Rancangan ini memang terlihat sederhana, tapi NASA menobatkannya sebagai finalis di tempat pertama. Desain ini menggunakan sebuah roket pendarat raksasa yang bisa mencetak bangunan dari printer 3D yang terdapat di bagian dalam roket.
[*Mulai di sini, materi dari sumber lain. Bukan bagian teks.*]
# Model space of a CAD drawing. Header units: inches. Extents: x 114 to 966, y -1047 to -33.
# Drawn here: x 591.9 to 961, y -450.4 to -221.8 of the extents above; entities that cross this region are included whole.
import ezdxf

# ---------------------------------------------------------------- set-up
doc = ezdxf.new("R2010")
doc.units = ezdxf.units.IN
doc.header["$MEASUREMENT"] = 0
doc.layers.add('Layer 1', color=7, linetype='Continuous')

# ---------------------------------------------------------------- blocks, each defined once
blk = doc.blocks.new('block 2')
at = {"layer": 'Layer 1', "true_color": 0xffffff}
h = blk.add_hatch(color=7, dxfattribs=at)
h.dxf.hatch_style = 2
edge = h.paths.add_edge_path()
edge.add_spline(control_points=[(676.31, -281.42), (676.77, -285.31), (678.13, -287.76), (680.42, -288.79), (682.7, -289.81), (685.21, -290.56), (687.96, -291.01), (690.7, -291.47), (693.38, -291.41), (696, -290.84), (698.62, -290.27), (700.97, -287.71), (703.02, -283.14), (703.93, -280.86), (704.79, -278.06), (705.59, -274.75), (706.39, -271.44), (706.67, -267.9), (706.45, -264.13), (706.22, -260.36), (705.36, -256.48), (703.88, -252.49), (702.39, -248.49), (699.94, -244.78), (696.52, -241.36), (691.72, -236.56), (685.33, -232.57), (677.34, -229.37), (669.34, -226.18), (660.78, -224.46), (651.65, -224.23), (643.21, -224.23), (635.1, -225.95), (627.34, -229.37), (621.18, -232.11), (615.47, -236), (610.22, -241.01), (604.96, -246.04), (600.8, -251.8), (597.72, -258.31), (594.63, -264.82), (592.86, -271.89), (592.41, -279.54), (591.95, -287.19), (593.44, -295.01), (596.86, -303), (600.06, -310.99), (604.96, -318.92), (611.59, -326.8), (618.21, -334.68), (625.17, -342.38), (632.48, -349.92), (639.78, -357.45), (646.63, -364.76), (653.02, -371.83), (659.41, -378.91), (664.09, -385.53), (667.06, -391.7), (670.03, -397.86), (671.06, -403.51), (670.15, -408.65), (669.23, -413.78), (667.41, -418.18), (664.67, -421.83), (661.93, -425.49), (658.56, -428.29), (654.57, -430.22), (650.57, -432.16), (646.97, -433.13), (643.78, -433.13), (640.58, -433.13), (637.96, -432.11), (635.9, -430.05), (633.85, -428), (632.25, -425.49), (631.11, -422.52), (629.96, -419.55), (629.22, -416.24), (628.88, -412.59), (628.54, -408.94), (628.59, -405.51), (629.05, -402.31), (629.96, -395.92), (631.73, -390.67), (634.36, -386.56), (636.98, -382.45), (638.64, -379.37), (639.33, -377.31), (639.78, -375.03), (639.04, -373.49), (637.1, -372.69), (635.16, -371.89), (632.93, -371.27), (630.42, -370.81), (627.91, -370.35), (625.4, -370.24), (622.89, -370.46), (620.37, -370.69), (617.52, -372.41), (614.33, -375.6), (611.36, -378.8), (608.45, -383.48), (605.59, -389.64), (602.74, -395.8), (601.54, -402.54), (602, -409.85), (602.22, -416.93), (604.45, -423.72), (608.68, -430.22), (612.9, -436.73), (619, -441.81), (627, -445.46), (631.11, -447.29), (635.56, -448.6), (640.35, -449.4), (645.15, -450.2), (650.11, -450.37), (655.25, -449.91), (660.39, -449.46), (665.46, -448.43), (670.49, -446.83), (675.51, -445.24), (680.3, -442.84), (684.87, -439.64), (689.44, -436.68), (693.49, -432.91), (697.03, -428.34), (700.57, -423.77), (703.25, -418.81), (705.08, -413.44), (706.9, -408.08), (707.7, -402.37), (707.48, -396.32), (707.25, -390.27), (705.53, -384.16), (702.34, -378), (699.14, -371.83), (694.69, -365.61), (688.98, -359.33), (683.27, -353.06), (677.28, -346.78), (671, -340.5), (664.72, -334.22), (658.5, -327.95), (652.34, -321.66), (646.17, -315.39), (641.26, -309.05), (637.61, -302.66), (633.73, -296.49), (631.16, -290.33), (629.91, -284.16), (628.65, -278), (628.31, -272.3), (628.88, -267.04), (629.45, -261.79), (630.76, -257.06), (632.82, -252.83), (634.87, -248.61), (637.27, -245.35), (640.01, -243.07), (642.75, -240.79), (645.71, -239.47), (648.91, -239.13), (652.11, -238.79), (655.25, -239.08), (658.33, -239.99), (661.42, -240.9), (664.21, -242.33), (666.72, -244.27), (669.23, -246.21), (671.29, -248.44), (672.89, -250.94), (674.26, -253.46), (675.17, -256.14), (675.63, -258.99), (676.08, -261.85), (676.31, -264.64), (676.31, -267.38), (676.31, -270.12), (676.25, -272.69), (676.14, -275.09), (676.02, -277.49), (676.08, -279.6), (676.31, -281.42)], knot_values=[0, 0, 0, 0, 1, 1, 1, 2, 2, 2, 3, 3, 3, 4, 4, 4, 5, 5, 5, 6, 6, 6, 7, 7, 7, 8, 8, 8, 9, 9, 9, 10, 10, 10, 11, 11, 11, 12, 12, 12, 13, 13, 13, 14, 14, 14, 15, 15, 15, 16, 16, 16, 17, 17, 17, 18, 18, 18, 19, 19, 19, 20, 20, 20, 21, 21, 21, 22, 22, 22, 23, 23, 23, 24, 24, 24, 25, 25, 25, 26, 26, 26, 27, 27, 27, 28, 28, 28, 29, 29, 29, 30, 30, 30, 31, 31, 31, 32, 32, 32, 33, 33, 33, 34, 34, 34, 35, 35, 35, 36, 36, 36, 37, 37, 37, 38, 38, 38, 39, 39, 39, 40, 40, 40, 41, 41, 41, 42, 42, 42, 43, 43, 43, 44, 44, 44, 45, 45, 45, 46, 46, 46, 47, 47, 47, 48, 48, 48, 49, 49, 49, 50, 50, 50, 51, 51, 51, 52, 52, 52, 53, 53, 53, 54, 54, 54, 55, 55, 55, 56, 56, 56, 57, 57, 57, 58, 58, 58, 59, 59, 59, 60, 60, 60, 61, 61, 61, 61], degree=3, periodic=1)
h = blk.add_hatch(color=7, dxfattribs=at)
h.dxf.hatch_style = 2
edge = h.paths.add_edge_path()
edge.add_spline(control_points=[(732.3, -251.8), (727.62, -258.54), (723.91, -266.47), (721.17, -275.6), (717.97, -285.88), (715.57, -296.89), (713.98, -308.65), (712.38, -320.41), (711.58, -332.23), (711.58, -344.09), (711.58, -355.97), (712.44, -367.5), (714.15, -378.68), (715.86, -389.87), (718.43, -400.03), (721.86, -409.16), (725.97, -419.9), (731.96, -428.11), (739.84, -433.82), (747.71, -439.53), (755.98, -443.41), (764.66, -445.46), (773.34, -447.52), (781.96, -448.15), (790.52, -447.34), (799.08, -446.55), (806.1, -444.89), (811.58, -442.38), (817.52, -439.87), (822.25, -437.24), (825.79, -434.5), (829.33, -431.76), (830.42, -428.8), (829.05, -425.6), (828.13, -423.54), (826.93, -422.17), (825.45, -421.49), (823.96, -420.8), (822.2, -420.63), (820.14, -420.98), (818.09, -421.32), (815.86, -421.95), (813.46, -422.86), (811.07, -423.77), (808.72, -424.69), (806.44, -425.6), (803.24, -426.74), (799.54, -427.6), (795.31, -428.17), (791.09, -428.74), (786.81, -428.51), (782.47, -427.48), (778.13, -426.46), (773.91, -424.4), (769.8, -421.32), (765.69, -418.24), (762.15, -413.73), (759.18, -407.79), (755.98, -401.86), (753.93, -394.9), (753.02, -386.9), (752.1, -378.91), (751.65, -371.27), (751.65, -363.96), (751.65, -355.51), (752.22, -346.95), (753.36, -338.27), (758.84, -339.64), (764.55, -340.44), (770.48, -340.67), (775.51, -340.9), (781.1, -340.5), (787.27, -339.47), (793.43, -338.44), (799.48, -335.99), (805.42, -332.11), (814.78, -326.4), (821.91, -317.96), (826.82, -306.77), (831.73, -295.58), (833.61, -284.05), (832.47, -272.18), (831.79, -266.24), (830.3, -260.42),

Robot kecil dikerahkan untuk mencari bahan bangunan dari material yang tersedia di Mars. Setelah satu bangunan selesai, roket ini akan mengangkat tubuh roket dan bergeser untuk membangun rumah berikutnya.

[Gambas:Youtube]

AI SpaceFactory

Desain ini berbentuk silinder vertikal sebab dinilai sebagai bentuk paling cocok di untuk situasi Mars. dan menjadi bentuk yang paling mudah untuk dicetak. Rancangn ini memikirkan soal isolasi panas, hemat tempat namun fungsional.

[Gambas:Youtube]

Kahn-Yates

Desain ini mengandalkan struktur berlapis yang dimana satu sisinya terbuat dari jendela plastik yang memungkinkan cahaya masuk ke dalam bangunan. Rancangan ini dibuat cukup lega dan ruangan dibagi secara efisien.

[Gambas:Youtube]

SEArch+/Apis Cor

Desain ini mempertimbangkan posisi dan bentuk untuk memaksimalkan cahaya dan mengurangi radiasi. Bangunan ini memiliki dua area yang berbeda tekanan. Bangunan ini bahkan bisa dibangun di tempat yang miring. Sehingga memudahkan untuk membangun tempat tinggal di situasi kontur permukaan apapun.

[Gambas:Youtube]

Northwestern University

Bangunan ini dirancang untuk dengan semangat membuat konstruksi yang sederhana. Mereka menggunakan model bentuk kubah untuk membuat rumah di Mars. Bagian dalam terbuat dari karet yang bisa ditiup yang akan dilindungi dengan bahan yang didapat dari Mars. Bagian dalam dirancang sederhana untuk memberikan berbagai layanan para awak.